Last week a federal government commission on minorities announced that it would draft a bill to curb forced conversions only after consultations with provincial and religious leaders. Christian political and church leaders told Morning Star News that state institutions and government parties should not succumb to pressure by Islamist parties.
“The government should bring the legislation on forced conversion to parliament without capitulating to any party that objects to its contents or underlying spirit,” said National Council of Churches in Pakistan President Bishop Azad Marshall.
He said that forced conversion is not seen as a crime, much less as a problem that should concern “mainstream” Pakistan.
“But it is a very serious crime against the minority population, and the government must show some spine in addressing the matter,” he said.
Marshall added that Pakistan’s entire legal system, from police to the courts, are violating laws and facilitating such conversions especially of minor girls.
“When the parents present a certificate that the age of the girl is below 18 years, the police usually do not attach this document in the FIR [First Information Report], but we have women protection laws in the country, and we need to implement them,” he said. “Besides that, Pakistan is signatory to several international obligations, and such incidents bring a bad name to the country.”
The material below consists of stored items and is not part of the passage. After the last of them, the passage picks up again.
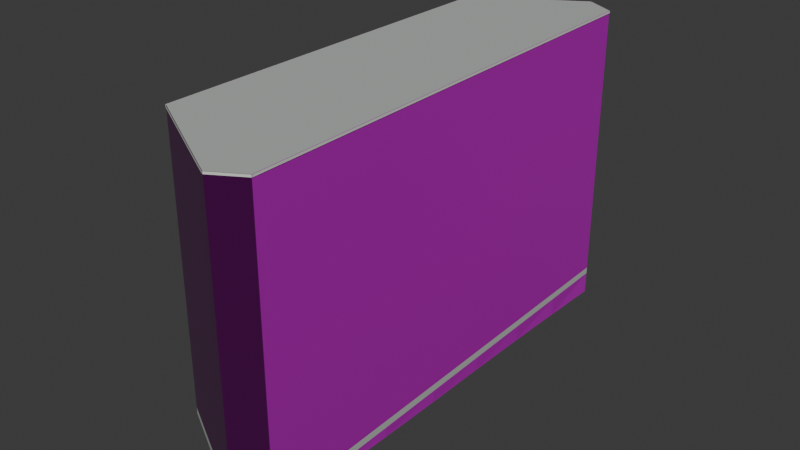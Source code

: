 # Source: osm-way-49380517.blend  (saved by Blender 5.2.45; exported with 4.5.12 LTS)
import bpy
from mathutils import Matrix  # noqa: F401  (used for matrix-valued properties, if any)

bpy.ops.wm.read_factory_settings(use_empty=True)
scene = bpy.context.scene
scene.name = 'Scene'

# ---- collections
col_collection = bpy.data.collections.new('Collection'); scene.collection.children.link(col_collection)

# ---- images (referenced by path relative to the original .blend; pixels are not part of the script)
import os
ASSET_DIR = os.environ.get("B2B_ASSET_DIR", "")  # directory of the original .blend (textures are referenced by path, not embedded)
HERE = os.path.dirname(os.path.abspath(__file__))  # packed textures are extracted next to this script under _unpacked/

def load_image(name, relpath, width, height, colorspace="sRGB"):
    """Load a texture the original file referenced (path relative to the .blend, or extracted next to this script)."""
    p = next((c for c in (os.path.join(HERE, relpath), os.path.join(ASSET_DIR, relpath)) if relpath and os.path.exists(c)), "")
    if p:
        img = bpy.data.images.load(p, check_existing=True)
        img.name = name
    else:  # same state as the original file: an image datablock whose file is absent (Cycles renders it pink)
        img = bpy.data.images.new(name, width, height)
        img.source = "FILE"
        img.filepath = "//" + (relpath or name)
    img.colorspace_settings.name = colorspace
    return img
img_plaster001_1k_jpg_color_jpg = load_image('Plaster001_1K-JPG_Color.jpg', 'Plaster001_1K-JPG_Color.jpg', 1024, 1024, 'sRGB')
img_plaster001_1k_jpg_normalgl_jpg = load_image('Plaster001_1K-JPG_NormalGL.jpg', 'Plaster001_1K-JPG_NormalGL.jpg', 1024, 1024, 'Non-Color')
img_plaster001_1k_jpg_roughness_jpg = load_image('Plaster001_1K-JPG_Roughness.jpg', 'Plaster001_1K-JPG_Roughness.jpg', 1024, 1024, 'Non-Color')
img_concrete034_1k_jpg_color_jpg = load_image('Concrete034_1K-JPG_Color.jpg', 'Concrete034_1K-JPG_Color.jpg', 1024, 1024, 'sRGB')
img_concrete034_1k_jpg_normalgl_jpg = load_image('Concrete034_1K-JPG_NormalGL.jpg', 'Concrete034_1K-JPG_NormalGL.jpg', 1024, 1024, 'Non-Color')
img_concrete034_1k_jpg_roughness_jpg = load_image('Concrete034_1K-JPG_Roughness.jpg', 'Concrete034_1K-JPG_Roughness.jpg', 1024, 1024, 'Non-Color')

# ---- materials (node trees are filled in below, after node groups)
mat_reality_aged_pale_plaster = bpy.data.materials.new('reality aged pale plaster')
mat_reality_concrete_plinth = bpy.data.materials.new('reality concrete plinth')
mat_reality_pale_aluminum_sill = bpy.data.materials.new('reality pale aluminum sill')
mat_reality_flat_weathered_roof = bpy.data.materials.new('reality flat weathered roof')
mat_building_foundation = bpy.data.materials.new('building foundation')

# ---- material node trees
mat_reality_aged_pale_plaster.use_nodes = True; mat_reality_aged_pale_plaster.node_tree.nodes.clear()
_N = mat_reality_aged_pale_plaster.node_tree.nodes; _L = mat_reality_aged_pale_plaster.node_tree.links
n0 = _N.new('ShaderNodeBsdfPrincipled'); n0.name = 'Principled BSDF'; n0.location = (-200, 100)
n0.inputs[10].default_value = 0.005
n1 = _N.new('ShaderNodeOutputMaterial'); n1.name = 'Material Output'; n1.location = (200, 100)
n2 = _N.new('ShaderNodeTexImage'); n2.name = 'Image Texture'; n2.location = (0, 0)
n2.image = img_plaster001_1k_jpg_color_jpg
n3 = _N.new('ShaderNodeTexCoord'); n3.name = 'Texture Coordinate'; n3.location = (0, 0)
n4 = _N.new('ShaderNodeMapping'); n4.name = 'Source physical UV scale'; n4.location = (0, 0)
n4.inputs[3].default_value = (3.0, 3.0, 1.0)
n5 = _N.new('ShaderNodeTexImage'); n5.name = 'Image Texture.001'; n5.location = (0, 0)
n5.image = img_plaster001_1k_jpg_normalgl_jpg
n6 = _N.new('ShaderNodeNormalMap'); n6.name = 'Normal Map'; n6.location = (0, 0)
n6.width = 160
n7 = _N.new('ShaderNodeTexImage'); n7.name = 'Image Texture.002'; n7.location = (0, 0)
n7.image = img_plaster001_1k_jpg_roughness_jpg
_L.new(n0.outputs[0], n1.inputs[0])
_L.new(n3.outputs[2], n4.inputs[0])
_L.new(n4.outputs[0], n2.inputs[0])
_L.new(n2.outputs[0], n0.inputs[0])
_L.new(n4.outputs[0], n5.inputs[0])
_L.new(n5.outputs[0], n6.inputs[1])
_L.new(n6.outputs[0], n0.inputs[5])
_L.new(n4.outputs[0], n7.inputs[0])
_L.new(n7.outputs[0], n0.inputs[2])
n1.is_active_output = True
mat_reality_concrete_plinth.use_nodes = True; mat_reality_concrete_plinth.node_tree.nodes.clear()
_N = mat_reality_concrete_plinth.node_tree.nodes; _L = mat_reality_concrete_plinth.node_tree.links
n0 = _N.new('ShaderNodeBsdfPrincipled'); n0.name = 'Principled BSDF'; n0.location = (-200, 100)
n0.inputs[0].default_value = (0.4549, 0.4941, 0.4549, 1.0)
n0.inputs[2].default_value = 0.83
n0.inputs[10].default_value = 0.005
n1 = _N.new('ShaderNodeOutputMaterial'); n1.name = 'Material Output'; n1.location = (200, 100)
_L.new(n0.outputs[0], n1.inputs[0])
n1.is_active_output = True
mat_reality_pale_aluminum_sill.use_nodes = True; mat_reality_pale_aluminum_sill.node_tree.nodes.clear()
_N = mat_reality_pale_aluminum_sill.node_tree.nodes; _L = mat_reality_pale_aluminum_sill.node_tree.links
n0 = _N.new('ShaderNodeBsdfPrincipled'); n0.name = 'Principled BSDF'; n0.location = (-200, 100)
n0.inputs[0].default_value = (0.6941, 0.7059, 0.6627, 1.0)
n0.inputs[2].default_value = 0.83
n0.inputs[10].default_value = 0.005
n1 = _N.new('ShaderNodeOutputMaterial'); n1.name = 'Material Output'; n1.location = (200, 100)
_L.new(n0.outputs[0], n1.inputs[0])
n1.is_active_output = True
mat_reality_flat_weathered_roof.use_nodes = True; mat_reality_flat_weathered_roof.node_tree.nodes.clear()
_N = mat_reality_flat_weathered_roof.node_tree.nodes; _L = mat_reality_flat_weathered_roof.node_tree.links
n0 = _N.new('ShaderNodeBsdfPrincipled'); n0.name = 'Principled BSDF'; n0.location = (-200, 100)
n0.inputs[0].default_value = (0.451, 0.4745, 0.4549, 1.0)
n0.inputs[2].default_value = 0.83
n0.inputs[10].default_value = 0.005
n1 = _N.new('ShaderNodeOutputMaterial'); n1.name = 'Material Output'; n1.location = (200, 100)
_L.new(n0.outputs[0], n1.inputs[0])
n1.is_active_output = True
mat_building_foundation.use_nodes = True; mat_building_foundation.node_tree.nodes.clear()
_N = mat_building_foundation.node_tree.nodes; _L = mat_building_foundation.node_tree.links
n0 = _N.new('ShaderNodeBsdfPrincipled'); n0.name = 'Principled BSDF'; n0.location = (-200, 100)
n0.inputs[10].default_value = 0.005
n1 = _N.new('ShaderNodeOutputMaterial'); n1.name = 'Material Output'; n1.location = (200, 100)
n2 = _N.new('ShaderNodeTexImage'); n2.name = 'Image Texture'; n2.location = (0, 0)
n2.image = img_concrete034_1k_jpg_color_jpg
n3 = _N.new('ShaderNodeTexCoord'); n3.name = 'Texture Coordinate'; n3.location = (0, 0)
n4 = _N.new('ShaderNodeMapping'); n4.name = 'Source physical UV scale'; n4.location = (0, 0)
n4.inputs[3].default_value = (3.636, 7.273, 1.0)
n5 = _N.new('ShaderNodeTexImage'); n5.name = 'Image Texture.001'; n5.location = (0, 0)
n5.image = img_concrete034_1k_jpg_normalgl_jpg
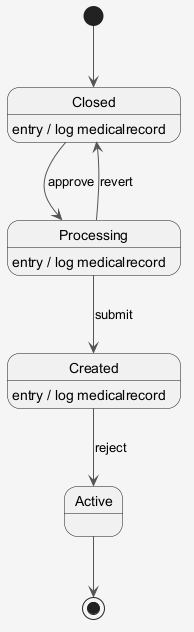

The diagram above was rendered by PlantUML. Its source (embedded in the PNG):
@startuml
skinparam shadowing false
skinparam backgroundColor #F5F5F5
skinparam ArrowColor #555555
[*] --> Closed
Closed --> Processing : approve
Closed : entry / log medicalrecord
Processing --> Created : submit
Processing : entry / log medicalrecord
Created --> Active : reject
Created : entry / log medicalrecord
Processing --> Closed : revert
Active --> [*]
@enduml

Pakistan is a signatory to the Universal Declaration of Human Rights, which states that no one shall be subject to coercion to change their religion. The European Court of Human Rights has given some guidance regarding the distinction between permissible persuasion and coercion.
Amir Naveed Jeeva, a Christian lawmaker of the opposition Pakistan People’s Party and a member of the parliamentary committee tasked with investigating forced conversions, said the committee is trying to build consensus on the draft bill.
“One suggestion is to introduce a new marriage rule that includes the mandatory presence of a guardian at the time of marriage and the establishment of shelters managed by the district administrations to house underage girls who want to get married, in order to clear the confusion between force and consent,” he said.
Shunila Ruth, a ruling party Christian lawmaker and parliamentary secretary on human rights, said that forced conversion needs to be addressed at the federal level.
“There is a difference of opinion on the issue at the state level, but things are gradually heading in a positive direction, and we hope that all stakeholders will succeed in formulating a solution to this issue,” she said.
According to data compiled by the Peoples Commission for Minorities’ Rights and the Centre for Social Justice, of 156 incidents of forced conversions which took place between 2013 and 2019, a vast majority of the girls are minors, with numerous cases of girls as young as 12 years old. Muslim groups oppose a minimum age for conversion or marriage, claiming that this is not sanctioned by Islam.
Although intercourse with a girl below the age of 16 is statutory rape, in most cases a falsified conversion certificate and Nikahnama, or Islamic marriage certificate, influences police to pardon kidnappers.
Pakistan ranked fifth on Christian support organization Open Doors 2020 World Watch list of the 50 countries where it is most difficult to be a Christian, and on Nov. 28, 2018, the United States added Pakistan to its blacklist of countries that violate religious freedom.